Overall, the jobs market remained remarkably strong throughout 2024, other reports show. Employment grew each month and, as of the latest reading, the unemployment rate edged down to 4.1% in December. Average hourly earnings also increased 0.3% last month.

In a tight labor market, some employers use bonuses as a tool to keep their top performers engaged, with fewer companies paying out bonuses to the entire staff, Tremper said. The share of workers receiving a bonus declined in 2024 by almost 2% compared with 2023.

Money is key, but so is work-life balance

“The key thing is that companies need to remain competitive,” said Michelle Reisdorf, district president at Robert Half, a recruitment and staffing firm. “Bonuses are that extra perk that employees look for when deciding whether to stay in a job or look for a new job.”

According to Robert Half’s survey of more than 1,600 hiring managers in November, 62% of managers said bonuses were higher in 2024 compared with the year before and 28% offered bonuses in line with 2023. Only about 5% of managers said bonuses were smaller than they were previously.

For workers, “money always ranks near the top in perks,” Reisdorf said.
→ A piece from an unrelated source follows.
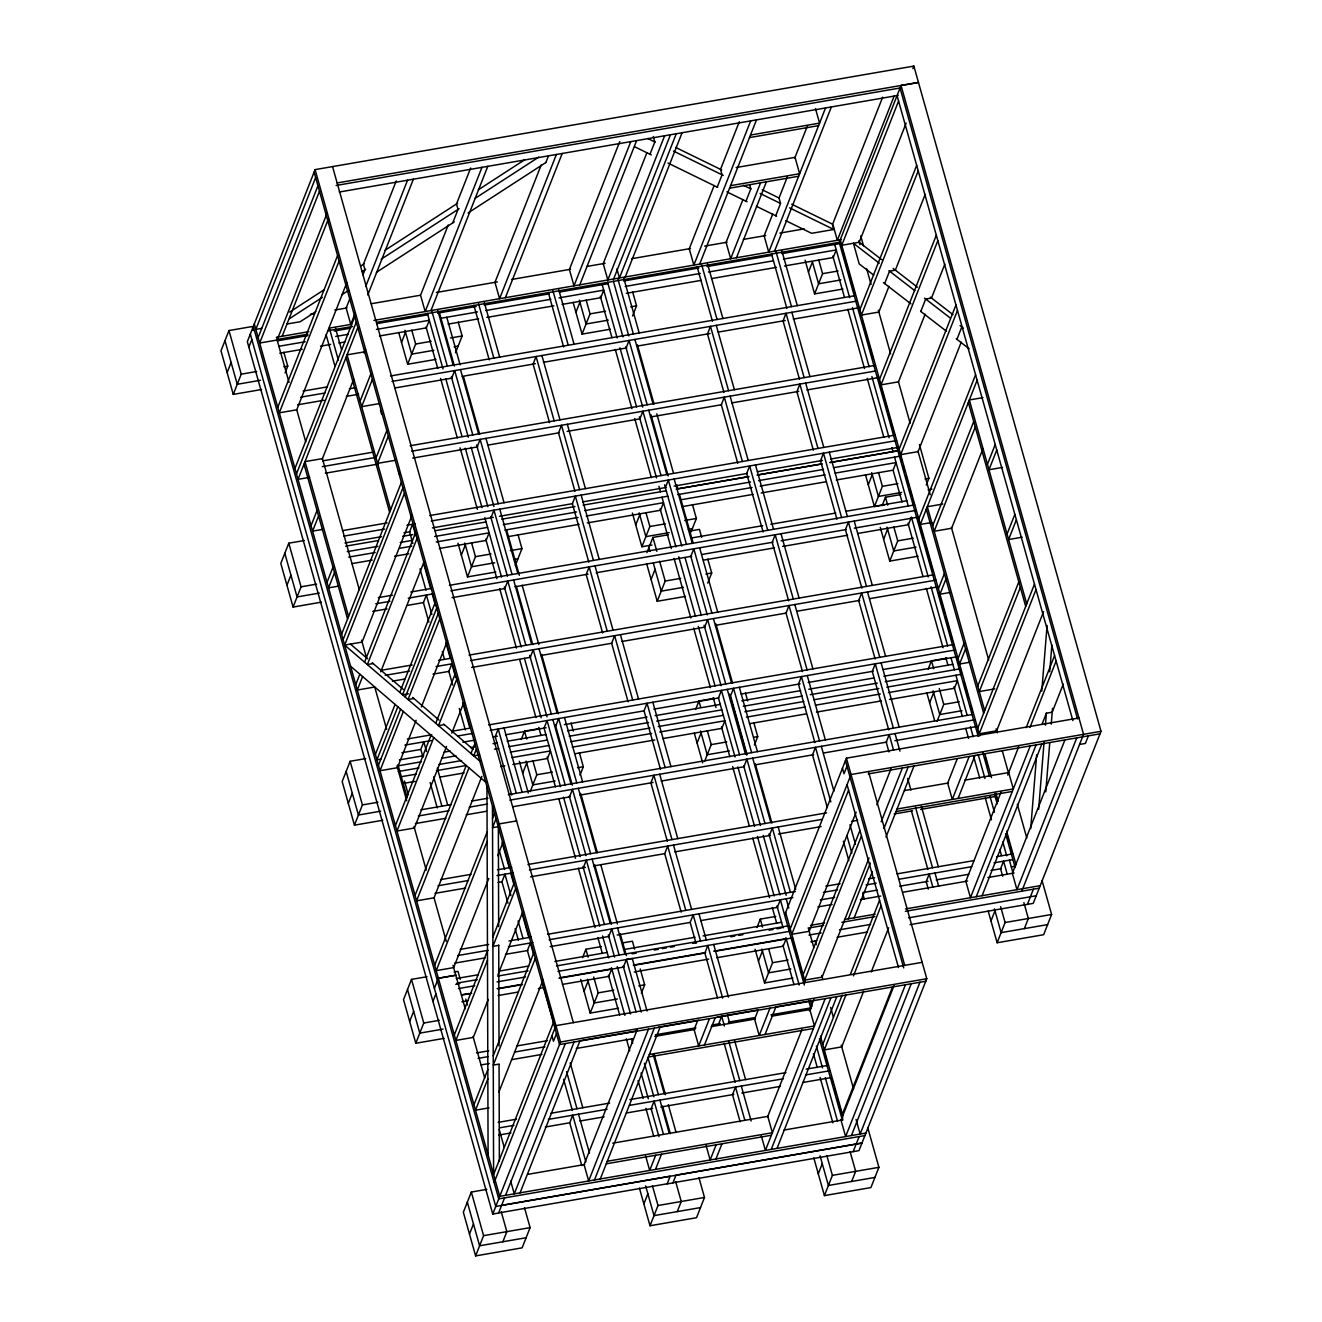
<?xml version="1.0" encoding="UTF-8"?>
<svg xmlns="http://www.w3.org/2000/svg" width="1322" height="1322" viewBox="0 0 1322 1322"><rect width="100%" height="100%" fill="white"/><g stroke="black" fill="none" stroke-linecap="round" stroke-linejoin="round"><path stroke-width="1.5" d="M1030.714 828.679L1036.663 754.763M1041.786 691.125L1047.074 625.422M1038.646 809.345L1044.099 741.592M1045.421 725.167L1046.413 712.855M1049.718 671.791L1051.866 645.103M1045.785 791.911L1049.751 742.65M1051.238 724.175L1052.51 708.311M253.328 330.5L252.221 326.534L228.97 330.55L220.989 350.793L233.267 394.402L261.574 389.511M227.12 372.606L231.119 362.476M910.015 924.656L1033.242 903.356L1101.011 731.314L913.866 66.1L315.099 169.613L247.33 341.671L492.759 1214.059L498.576 1213.051L504.558 1197.881M248.867 347.124L251.858 339.523M315.627 177.594L255.84 329.393L261.657 328.385M233.267 394.402L241.232 374.176L228.97 330.55M258.137 337.573L317.941 185.774M319.478 191.227L259.674 343.026L277.108 340.018L327.195 212.875M282.164 336.284L328.5 218.626M285.089 372.87L287.75 366.128L283.833 352.247M277.769 407.358L337.573 255.559M339.11 261.012L279.306 412.811L296.739 409.803L346.827 282.66M349.884 298.59L346.149 308.059L350.76 324.419L355.238 313.033M396.253 180.899L363.401 264.301L364.922 269.754L362.939 274.811M365.698 286.477L407.556 180.205M294.955 468.434L354.742 316.636M296.492 473.887L356.279 322.089M367.78 294.955L413.373 179.197M357.816 327.542L298.028 479.341L309.645 477.325M304.291 540.516L288.791 543.193L280.809 563.436L293.087 607.062L321.395 602.154M322.188 459.246L353.585 379.546M364.046 352.991L365.533 349.19M286.957 585.249L290.939 575.12M311.067 525.677L317.032 510.507M360.096 401.21L370.854 373.878M318.569 515.96L312.587 531.13L322.287 529.461M372.391 379.331L361.633 406.664L379.067 403.64M293.087 607.062L301.052 586.819L288.791 543.193M401.524 342.448L405.507 332.334M448.208 225.021L420.561 295.203L425.172 311.562L481.968 167.349M470.665 168.01L456.503 203.968L458.04 209.421L452.735 222.889M435.963 359.369L407.655 364.261L415.637 344.017L411.737 330.136M430.972 310.554L487.785 166.341M327.013 582.391L332.995 567.204M376.043 457.908L386.801 430.592M334.532 572.657L328.55 587.844L338.234 586.175M388.338 436.045L377.58 463.361L395.014 460.353M341.588 634.196L401.376 482.381M455.495 352.842L462.138 335.986L458.238 322.105M343.125 639.633L402.913 487.835M479.77 761.059L344.645 645.086L404.449 493.288M451.711 378.175L454.685 370.573L472.797 434.921M541.326 164.688L494.973 282.346L499.584 298.689L556.38 154.476M545.837 162.54L548.498 155.814M412.167 514.936L362.096 642.079L344.645 645.086M505.384 297.698L562.197 153.484M355.767 684.581L359.865 674.187M364.575 662.19L415.554 532.783M362.608 676.534L357.304 690.034L374.737 687.027M417.091 538.236L367.334 664.553L373.151 663.545M380.719 671.84L424.065 561.784M365.649 758.613L350.148 761.29L342.167 781.533L354.445 825.159L382.752 820.268M477.143 446.952L480.134 439.367L498.245 503.699M348.314 803.346L352.296 793.233M375.398 754.383L395.08 704.411M399.806 692.414L435.186 602.568M619.754 141.586L569.385 269.473L573.979 285.833L630.792 141.619M397.823 706.774L376.935 759.836L380.802 759.159M436.723 608.021L402.549 694.777L408.366 693.786M354.445 825.159L362.41 804.916L350.148 761.29M378.456 765.289L400.583 709.121M405.309 697.14L438.26 613.474M461.345 555.091L465.327 544.978M403.342 711.484L379.992 770.726L397.443 767.718L416.116 720.275M439.796 618.927L408.052 699.503L413.869 698.495M579.796 284.825L636.609 140.611M495.8 572.013L467.492 576.904L475.457 556.661L471.557 542.78M490.974 517.745L493.965 510.16L512.06 574.508M575.929 312.306L579.912 302.176M421.354 707.006L447.514 640.592M646.937 152.625L603.212 263.623L607.823 279.983L664.635 135.769M649.978 154.244L654.836 141.95L653.299 136.496M610.367 329.211L582.06 334.119L590.042 313.876L586.125 299.995M395.427 825.589L431.022 735.247M435.731 723.266L455.231 673.79M613.639 278.975L670.436 134.761M433.765 737.61L396.964 831.042L414.397 828.018L446.539 746.434M456.751 679.227L438.491 725.629L444.308 724.621M676.253 133.753L619.44 277.967L616.895 268.878M625.256 276.976L682.069 132.762M515.316 565.502L521.959 548.63L518.059 534.749M451.777 733.148L463.741 702.792M632.56 315.958L636.543 305.828L632.643 291.947M626.099 348.017L629.09 340.432L647.185 404.763M415.058 895.374L466.236 765.471M474.862 743.575L470.963 753.49L473.706 755.837L479.522 754.829M468.98 767.834L416.595 900.827L434.029 897.82L481.869 776.378M473.706 755.837L476.399 749.029M714.161 185.51L689.258 248.751L693.852 265.111L750.665 120.897M739.295 121.723L720.523 169.381L722.06 174.834L717.218 187.129M530.238 657.331L533.229 649.746L551.324 714.078M427.006 976.71L411.506 979.387L403.524 999.63L415.802 1043.256L444.109 1038.365M699.668 264.103L756.481 119.889M639.914 418.81L642.905 411.225L661.017 475.573M409.655 1021.443L413.654 1011.33M521.215 739.576L524.537 731.149L540.037 728.472M434.69 965.176L487.091 832.133M492.511 818.384L494.494 813.361M487.124 841.42L436.227 970.629L453.677 967.605L488.793 878.419M496.031 818.814L492.544 827.655L498.361 826.663M742.964 199.473L726.075 242.372L730.669 258.732L760.563 182.833M434.393 988.377L438.375 978.247L455.809 975.223L438.375 978.247M498.179 826.448L499.171 823.903L516.605 820.912M745.972 201.192L750.813 188.897L749.789 185.262M415.802 1043.256L423.767 1023.013L411.506 979.387M522.702 773.205L526.685 763.075M432.938 1001.415L435.93 993.83M544.053 728.125L547.044 720.54L565.155 784.888M497.766 855.648L503.004 842.362M736.486 257.724L766.38 181.825M555.686 726.125L558.677 718.54L576.772 782.872M530.172 791.63L536.815 774.758L532.915 760.894M635.75 524.95L639.732 514.836M772.742 213.933L764.133 235.812L768.726 252.172L825.539 107.958M787.251 177.098L779.022 198.003L780.558 203.456L775.717 215.75M794.737 158.095L807.461 125.805M651.994 545.011L641.881 546.763L649.862 526.52L645.946 512.639M665.363 487.603L668.354 480.018L686.465 544.35M454.322 1034.961L487.454 950.849M492.875 937.1L514.126 883.162M646.937 552.596L652.919 537.426L668.42 534.749M487.488 960.136L455.859 1040.414L473.309 1037.39L488.248 999.449M515.663 888.615L492.908 946.387L498.725 945.379M774.543 251.163L831.356 106.95M651.085 579.482L655.068 569.352M497.964 974.777L522.636 912.163M569.501 796.918L572.492 789.333L590.603 853.665M579.994 775.155L583.316 766.727L579.416 752.846M685.523 596.387L657.216 601.279L665.197 581.036L659.612 561.222M691.042 531.973L696.364 518.472L692.464 504.607M473.97 1104.746L487.818 1069.581M493.238 1055.832L533.758 952.947M690.811 556.397L693.802 548.795L711.914 613.144M487.851 1078.851L475.49 1110.199L489.057 1107.853M535.294 958.4L493.271 1065.102L499.072 1064.094M808.453 272.101L812.452 261.987L818.582 283.8L840.825 279.95M882.683 97.134L832.728 223.947L837.322 240.307L894.135 96.093M583.332 867.711L586.324 860.126L604.418 924.458M498.923 1092.005L543.012 980.048M842.907 289.022L814.6 293.914L822.565 273.671L818.665 259.79M337.143 182.948L918.476 82.46L901.042 85.484L839.239 242.356L978.23 736.42M707.716 583.118L711.699 573.004L707.799 559.123M898.58 101.067L841.767 245.281L859.217 242.256L881.84 259.723M912.874 68.628L913.866 66.1M486.827 1189.354L471.326 1192.047L463.344 1212.274L475.623 1255.9L522.124 1247.852L530.105 1227.626L524.52 1207.796M704.643 627.19L707.634 619.605L725.728 683.937M859.217 242.256L906.148 123.128M469.492 1234.087L473.474 1223.974M553.389 1022.732L493.602 1174.547L492.478 806.205M494.131 1182.529L555.918 1025.657L922.161 962.35M582.572 957.673L585.894 949.246L601.394 946.569M556.463 1033.639L553.472 1041.24L551.935 1035.787M475.623 1255.9L483.588 1235.657L471.326 1192.047M492.759 1214.059L560.528 1042.017L315.099 169.613M584.06 991.302L588.042 981.172M695.62 709.435L698.941 700.99L714.442 698.313M505.549 1195.352L565.337 1043.537M608.781 936.505L611.772 928.92L619.126 955.079M859.878 309.612L916.675 165.399M574.062 1042.033L514.275 1193.849L510.689 1181.124M918.212 170.852L861.415 315.066L878.849 312.058L889.012 286.246M618.498 1008.207L590.19 1013.098L598.172 992.872L593.71 977.008M697.107 743.047L701.09 732.933M520.075 1192.841L579.879 1041.025M502.856 1241.755L506.838 1231.641L501.269 1211.811M884.649 283.569L889.541 271.159L895.358 270.151L925.202 194.351M681.161 912.13L664.718 853.648L667.709 846.063L685.804 910.395M623.455 967.01L626.446 959.425L632.263 958.417L647.069 1011.066M704.56 761.489L711.219 744.617L707.303 730.736M581.763 1165.525L569.732 1122.791L572.723 1115.19L585.844 1161.807M879.51 379.397L936.323 235.184M641.352 993.252L644.673 984.824L640.212 968.96M937.843 240.637L881.047 384.851L898.481 381.843L925.119 314.206M637.138 1029.888L584.076 1164.616L588.67 1180.976L648.474 1029.177M920.79 311.463L925.681 299.053L931.498 298.045L944.883 264.036M743.906 766.777L746.897 759.175L764.992 823.523M754.399 745.013L757.721 736.585L753.821 722.704M594.487 1179.968L654.291 1028.169M868.273 484.744L872.272 474.631M600.304 1178.96L660.108 1027.161M884.517 504.806L874.42 506.557L882.385 486.314L878.486 472.45M899.142 449.199L955.955 304.985M957.475 310.439L900.679 454.652L918.112 451.628L961.226 342.183M882.138 505.665L885.459 497.221L900.96 494.544M956.93 339.341L961.821 326.931M883.625 539.277L887.607 529.164M769.354 835.554L772.345 827.969L790.44 892.3M697.636 1020.634L694.1 1029.607L698.694 1045.95L709.468 1018.634M655.679 1155.246L649.697 1170.433L645.599 1155.891M918.063 556.198L889.756 561.09L897.721 540.847L893.821 526.966M911.42 517.117L908.429 524.702L857.697 533.477M655.497 1169.425L661.479 1154.238M704.51 1044.958L715.268 1017.626M926.243 485.025L928.887 478.283L919.418 444.572M643.88 1203.945L647.863 1193.816M718.689 1023.856L721.68 1016.254L724.423 1026.004M756.977 927.532L760.299 919.104L775.799 916.41M918.773 518.984L975.586 374.77M977.123 380.224L920.31 524.437L931.944 522.438M698.925 1177.638L704.494 1197.468L696.529 1217.711L650.011 1225.758L657.992 1205.515L652.407 1185.685M777.353 907.355L780.344 899.77L804.338 985.072M758.464 961.144L762.447 951.03M932.654 525.809L973.719 421.569M975.256 427.023L934.191 531.262L951.625 528.255L982.99 448.654M784.64 915.039L846.427 758.167L1078.967 717.978M846.972 766.149L843.981 773.75L842.445 768.297M792.903 978.065L764.595 982.957L772.56 962.713L768.66 948.832M677.261 1211.613L681.243 1201.483L675.674 1181.67M758.134 1010.173L754.614 1019.146L759.208 1035.49L769.966 1008.174M789.251 931.399L851.038 774.527L1101.011 731.314M848.592 790.11L791.779 934.307L809.213 931.299L856.144 812.171M716.127 1144.802L710.145 1159.972L706.064 1145.43M938.405 588.786L944.387 573.599M987.451 464.303L995.218 444.572M715.962 1158.981L721.944 1143.794M765.025 1034.498L775.783 1007.166M945.924 579.053L939.942 594.239L949.626 592.553M996.755 450.025L988.972 469.756L1002.539 467.41M803.132 974.661L859.928 830.447M861.465 835.901L804.668 980.114L822.102 977.107L869.033 857.961M928.143 669.229L931.465 660.802L946.982 658.125M876.833 804.784L891.028 768.743M881.163 821.821L902.364 768.016M929.63 702.858L933.629 692.728M767.52 1116.991L801.909 1029.706M809.378 1010.735L813.873 999.349M848.377 918.807L870.322 863.084M883.955 828.497L908.164 767.008M854.194 917.815L872.355 871.694M885.988 837.107L913.981 766M958.037 658.571L964.019 643.384M1007.083 534.088L1014.85 514.357M825.192 998.622L765.405 1150.421L761.307 1135.879M937.1 721.283L943.743 704.428L939.281 688.564M965.556 648.838L959.574 664.024L969.274 662.355M1016.387 519.81L1008.603 539.541L1022.17 537.195M771.222 1149.429L831.009 997.614M777.022 1148.421L836.826 996.606M822.763 1044.463L842.197 995.119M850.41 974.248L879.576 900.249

However, priorities have also shifted, largely since the pandemic. These days, employees are more likely to consider work-life balance, flexible hours and mental health support as equally important.

To that end, workers increasingly value flexible or hybrid work schedules, extra paid days off, additional options for health insurance or more robust retirement saving plans, Reisdorf said: “The key one is flexibility.”